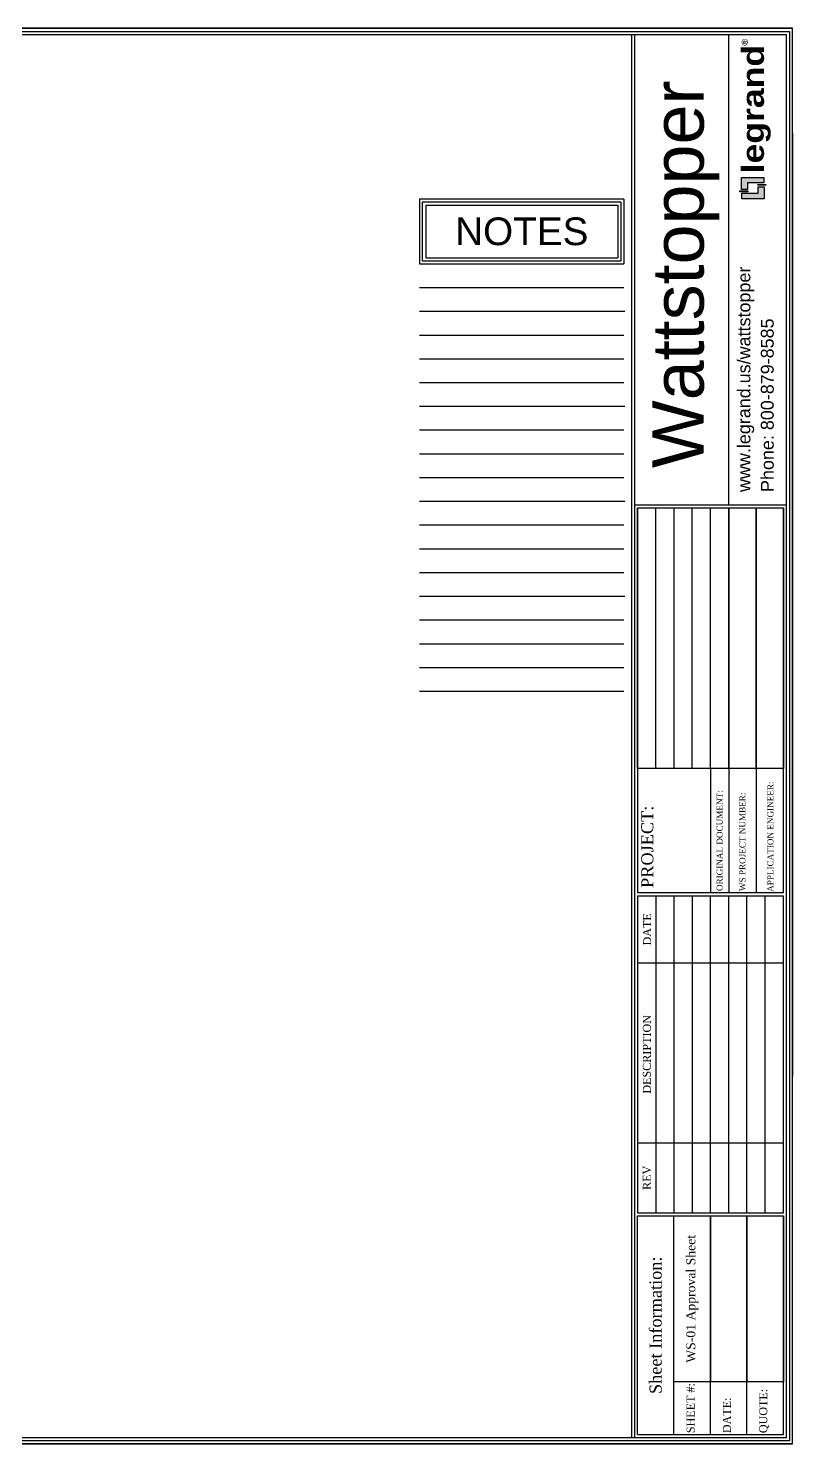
# Paper-space layout 'COMPANY 22 X 34' of a CAD drawing. Header units: inches. Extents: x 10.6 to 44.6, y 10.8 to 36.3.
# Drawn here: x 32.73 to 44.61, y 10.75 to 32.75 of the extents above; entities that cross this region are included whole.
import ezdxf
from ezdxf.enums import TextEntityAlignment as Align

# ---------------------------------------------------------------- set-up
doc = ezdxf.new("R2010")
doc.units = ezdxf.units.IN
doc.header["$MEASUREMENT"] = 0
doc.layers.add('_WS_WattStopper', color=160, linetype='Continuous')
doc.styles.add('Arial', font='arial.ttf', dxfattribs={"height": 0.1875})
doc.styles.add('Legrand', font='ariblk.ttf', dxfattribs={"height": 0.1875})
doc.styles.add('WS8th', font='complex.shx', dxfattribs={"height": 0.1875})
doc.styles.add('WSTB', font='times.ttf')

# ---------------------------------------------------------------- blocks, each defined once
blk = doc.blocks.new('*U16')
at = {"layer": '_WS_WattStopper'}
h = blk.add_hatch(color=256, dxfattribs=at)
h.dxf.hatch_style = 1
h.paths.add_polyline_path([(33.556, 19.349), (33.556, 19.537), (33.462, 19.537), (33.462, 19.436), (33.208, 19.436), (33.208, 19.349)])
h.paths.add_polyline_path([(33.461, 19.573), (33.461, 19.56), (33.584, 19.56), (33.584, 19.573)])
h.paths.add_polyline_path([(33.302, 19.459), (33.302, 19.472), (33.178, 19.472), (33.178, 19.459)])
h.paths.add_polyline_path([(33.3, 19.596), (33.554, 19.596), (33.554, 19.683), (33.207, 19.683), (33.207, 19.495), (33.3, 19.495)])
at = {"layer": '_WS_WattStopper', "linetype": 'Continuous'}
for p, q in [((34, 22), (0, 22)), ((0.047, 21.953), (33.953, 21.953)), ((0.094, 21.906), (33.906, 21.906)), ((0.817, 22), (34, 22))]:
    blk.add_line(p, q, dxfattribs=at)
at = {"layer": '_WS_WattStopper'}
for p, q in [((31.496, 21.906), (31.496, 0.094)), ((31.543, 21.906), (31.543, 0.094)), ((33.007, 14.592), (33.007, 21.906)), ((33.906, 0.094), (33.906, 21.906)), ((33.953, 21.953), (33.953, 0.047)), ((34, 0), (34, 22)), ((34, 20.373), (34, 5.711)), ((31.378, 19.345), (28.2, 19.345)), ((28.2, 19.345), (28.2, 18.34)), ((31.331, 19.298), (28.244, 19.298)), ((28.244, 19.298), (28.244, 18.387)), ((28.298, 19.251), (31.284, 19.251)), ((28.298, 19.251), (28.298, 18.433)), ((31.284, 19.251), (31.284, 18.433)), ((31.331, 19.298), (31.331, 18.387)), ((31.378, 19.345), (31.378, 18.34)), ((28.2, 18.34), (31.378, 18.34)), ((28.244, 18.387), (31.331, 18.387)), ((28.298, 18.433), (31.284, 18.433)), ((28.2, 17.971), (31.378, 17.971)), ((28.2, 17.602), (31.393, 17.602)), ((28.2, 17.233), (31.378, 17.233)), ((28.2, 16.864), (31.378, 16.864)), ((28.2, 16.495), (31.378, 16.495)), ((28.2, 16.126), (31.393, 16.126)), ((28.2, 15.757), (31.378, 15.757)), ((28.2, 15.388), (31.378, 15.388)), ((28.2, 15.019), (31.378, 15.019)), ((28.2, 14.65), (31.393, 14.65)), ((31.543, 14.592), (33.906, 14.592)), ((31.59, 14.545), (33.859, 14.545)), ((31.59, 14.545), (31.59, 8.562)), ((31.874, 10.494), (31.874, 14.545)), ((32.157, 10.494), (32.157, 14.545)), ((32.44, 10.494), (32.44, 14.545)), ((32.724, 10.494), (32.724, 14.545)), ((33.859, 8.562), (33.859, 14.545)), ((28.2, 14.28), (31.378, 14.28)), ((28.2, 13.911), (31.378, 13.911)), ((28.2, 13.542), (31.378, 13.542)), ((28.2, 13.173), (31.393, 13.173)), ((28.2, 12.804), (31.378, 12.804)), ((28.2, 12.435), (31.378, 12.435)), ((28.2, 12.066), (31.378, 12.066)), ((28.2, 11.697), (31.378, 11.697)), ((32.724, 10.494), (32.724, 8.562)), ((33.007, 10.494), (33.007, 8.562)), ((33.433, 10.494), (33.433, 8.562)), ((33.859, 8.562), (31.59, 8.562)), ((31.59, 8.515), (33.859, 8.515)), ((31.59, 8.515), (31.59, 3.588)), ((31.879, 3.588), (31.879, 8.515)), ((32.161, 3.588), (32.161, 8.515)), ((32.443, 3.588), (32.443, 8.515)), ((32.725, 3.588), (32.725, 8.515)), ((33.007, 3.588), (33.007, 8.515)), ((33.289, 3.588), (33.289, 8.515)), ((33.571, 3.588), (33.571, 8.515)), ((33.859, 3.588), (33.859, 8.515)), ((31.59, 7.474), (33.859, 7.474)), ((31.59, 4.677), (33.859, 4.677)), ((31.59, 3.588), (33.859, 3.588)), ((31.59, 3.541), (33.859, 3.541)), ((31.59, 0.141), (31.59, 3.541)), ((32.154, 0.141), (32.154, 3.541)), ((32.154, 0.141), (32.154, 3.541)), ((32.725, 0.141), (32.725, 3.541)), ((32.725, 0.141), (32.725, 3.541)), ((33.289, 0.141), (33.289, 3.541)), ((33.859, 0.141), (33.859, 3.541)), ((33.859, 0.141), (33.859, 3.541)), ((0, 0), (34, 0)), ((33.953, 0.047), (0.047, 0.047)), ((0.094, 0.094), (33.906, 0.094)), ((31.59, 0.141), (33.859, 0.141)), ((34, 0), (0, 0))]:
    blk.add_line(p, q, dxfattribs=at)
for points in [[(33.3, 19.596), (33.3, 19.495), (33.207, 19.495), (33.207, 19.683), (33.554, 19.683), (33.554, 19.596)], [(33.302, 19.472), (33.302, 19.459), (33.178, 19.459), (33.178, 19.472)], [(33.462, 19.436), (33.462, 19.537), (33.556, 19.537), (33.556, 19.349), (33.208, 19.349), (33.208, 19.436)], [(33.461, 19.56), (33.461, 19.573), (33.584, 19.573), (33.584, 19.56)], [(31.59, 14.545), (33.007, 14.545), (33.007, 10.494), (31.59, 10.494)], [(33.007, 14.545), (33.433, 14.545), (33.433, 10.494), (33.007, 10.494)], [(33.433, 14.545), (33.859, 14.545), (33.859, 10.494), (33.433, 10.494)]]:
    blk.add_lwpolyline(points, close=True, dxfattribs=at)
for points in [[(32.725, 3.541), (32.725, 0.962), (32.154, 0.962), (32.154, 3.541)], [(33.289, 3.541), (33.289, 0.962), (32.725, 0.962), (32.725, 3.541)], [(33.859, 3.541), (33.859, 0.962), (33.289, 0.962), (33.289, 3.541)]]:
    blk.add_lwpolyline(points, dxfattribs=at)
at = {"layer": '_WS_WattStopper', "style": 'Legrand'}
blk.add_text('®', height=0.094, rotation=90, dxfattribs=at).set_placement((33.304, 21.728))
blk.add_text('legrand', height=0.3457, rotation=90, dxfattribs=at).set_placement((33.381, 19.746), align=Align.MIDDLE_LEFT)
at = {"layer": '_WS_WattStopper', "rotation": 90}
for s, width, gutter_width, heights, insert, char_height, attachment_point, style in [('\\A2;{\\fArial|b0|i0|c0|p34;\\H5.3333x;Wattstopper}', 0.68888, 0.938, [0], (32.339, 18.176), 0.15, 5, 'Arial'), ('\\A2;{\\fArial|b0|i0|c0|p34;\\H5.3333x;www.legrand.us/wattstopper}', 6.42662, 0.938, [0], (33.273, 14.793), 0.03743, 4, 'WS8th'), ('\\A2;{\\fArial|b0|i0|c0|p34;\\H5.3333x;Phone: 800-879-8585}', 6.42662, 0.938, [0], (33.607, 14.793), 0.03743, 4, 'WS8th'), ('ORIGINAL DOCUMENT:', 1.87558, 1, [0], (32.818, 8.59), 0.09399, 1, 'WSTB'), ('APPLICATION ENGINEER:', 1.86507, 1, [0.103], (33.607, 8.578), 0.09396, 1, 'WSTB'), ('WS PROJECT NUMBER:', 1.87558, 1, [0], (33.172, 8.59), 0.09399, 1, 'WSTB'), ('PROJECT:', 1.42207, 1, [0], (31.647, 9.278), 0.188, 2, 'WSTB'), ('DATE', 0.92998, 1, [0], (31.738, 7.995), 0.1244, 5, 'WSTB'), ('DESCRIPTION', 0.92998, 1, [0], (31.735, 6.052), 0.12436, 5, 'WSTB'), ('REV', 0.92998, 1, [0], (31.735, 4.133), 0.1244, 5, 'WSTB'), ('Sheet Information:', 2.39584, 1, [0], (31.872, 1.841), 0.188, 5, 'WSTB'), ('SHEET #:', 3.24622, 1, [0], (32.352, 0.164), 0.1244, 1, 'WSTB'), ('DATE:', 3.24622, 1, [0], (32.916, 0.164), 0.1244, 1, 'WSTB'), ('QUOTE:', 3.24622, 1, [0], (33.48, 0.164), 0.1244, 1, 'WSTB')]:
    blk.add_mtext_dynamic_manual_height_columns(s, width=width, gutter_width=gutter_width, heights=heights, dxfattribs=dict(at, insert=insert, char_height=char_height, attachment_point=attachment_point, style=style))
at = {"layer": '_WS_WattStopper', "insert": (29.791, 18.842), "char_height": 0.43037, "attachment_point": 5, "style": 'WSTB'}
blk.add_mtext_dynamic_manual_height_columns('{\\f@Arial Unicode MS|b0|i0|c0|p34;NOTES}', width=3.24622, gutter_width=1, heights=[0], dxfattribs=at)
at = {"layer": '_WS_WattStopper', "insert": (32.44, 2.252), "char_height": 0.141, "width": 2.57909, "attachment_point": 5, "rotation": 90, "style": 'WSTB'}
blk.add_mtext('WS-01 Approval Sheet', dxfattribs=at)
at = {"layer": '_WS_WattStopper', "style": 'WSTB'}
for tag, height, p in [('PROJECT1', 0.141, (31.732, 12.519)), ('PROJECT2', 0.141, (32.015, 12.519)), ('PROJECT3', 0.141, (32.299, 12.519)), ('PROJECT4', 0.141, (32.582, 12.519)), ('DOCUMENT', 0.141, (32.865, 12.519)), ('NAME', 0.141, (33.646, 12.519)), ('PRJB', 0.141, (33.22, 12.519)), ('REVISION_1', 0.089, (32.02, 7.995)), ('REVISION_2', 0.089, (32.302, 7.995)), ('REVISION_3', 0.089, (32.584, 7.995)), ('REVISION_4', 0.089, (32.866, 7.995)), ('REVISION_5', 0.089, (33.145, 7.995)), ('REVISION_6', 0.089, (33.43, 7.995)), ('REVISION_7', 0.089, (33.712, 7.995)), ('REVISION_1_DESC', 0.089, (32.02, 6.052)), ('REVISION_2_DESC', 0.089, (32.302, 6.052)), ('REVISION_3_DESC', 0.089, (32.584, 6.052)), ('REVISION_4_DESC', 0.089, (32.866, 6.052)), ('REVISION_5_DESC', 0.089, (33.148, 6.052)), ('REVISION_6_DESC', 0.089, (33.43, 6.052)), ('DATE', 0.141, (33.007, 2.252)), ('QUOTE', 0.141, (33.571, 2.252))]:
    blk.add_attdef(tag, text='', height=height, rotation=90, dxfattribs=at).set_placement(p, align=Align.MIDDLE_CENTER)

psp = doc.layouts.new('COMPANY 22 X 34')

# ---------------------------------------------------------------- block references
at = {"layer": '_WS_WattStopper'}
psp.add_blockref('*U16', (10.608, 10.751), dxfattribs=at)

doc.saveas('drawing.dxf')

▸ **WHAT YOU NEED TO DO**
In the listing above, find each line containing "Continuous" and copy it.

▸ **SOLUTION FOR THIS TASK**
doc.layers.add('_WS_WattStopper', color=160, linetype='Continuous')
at = {"layer": '_WS_WattStopper', "linetype": 'Continuous'}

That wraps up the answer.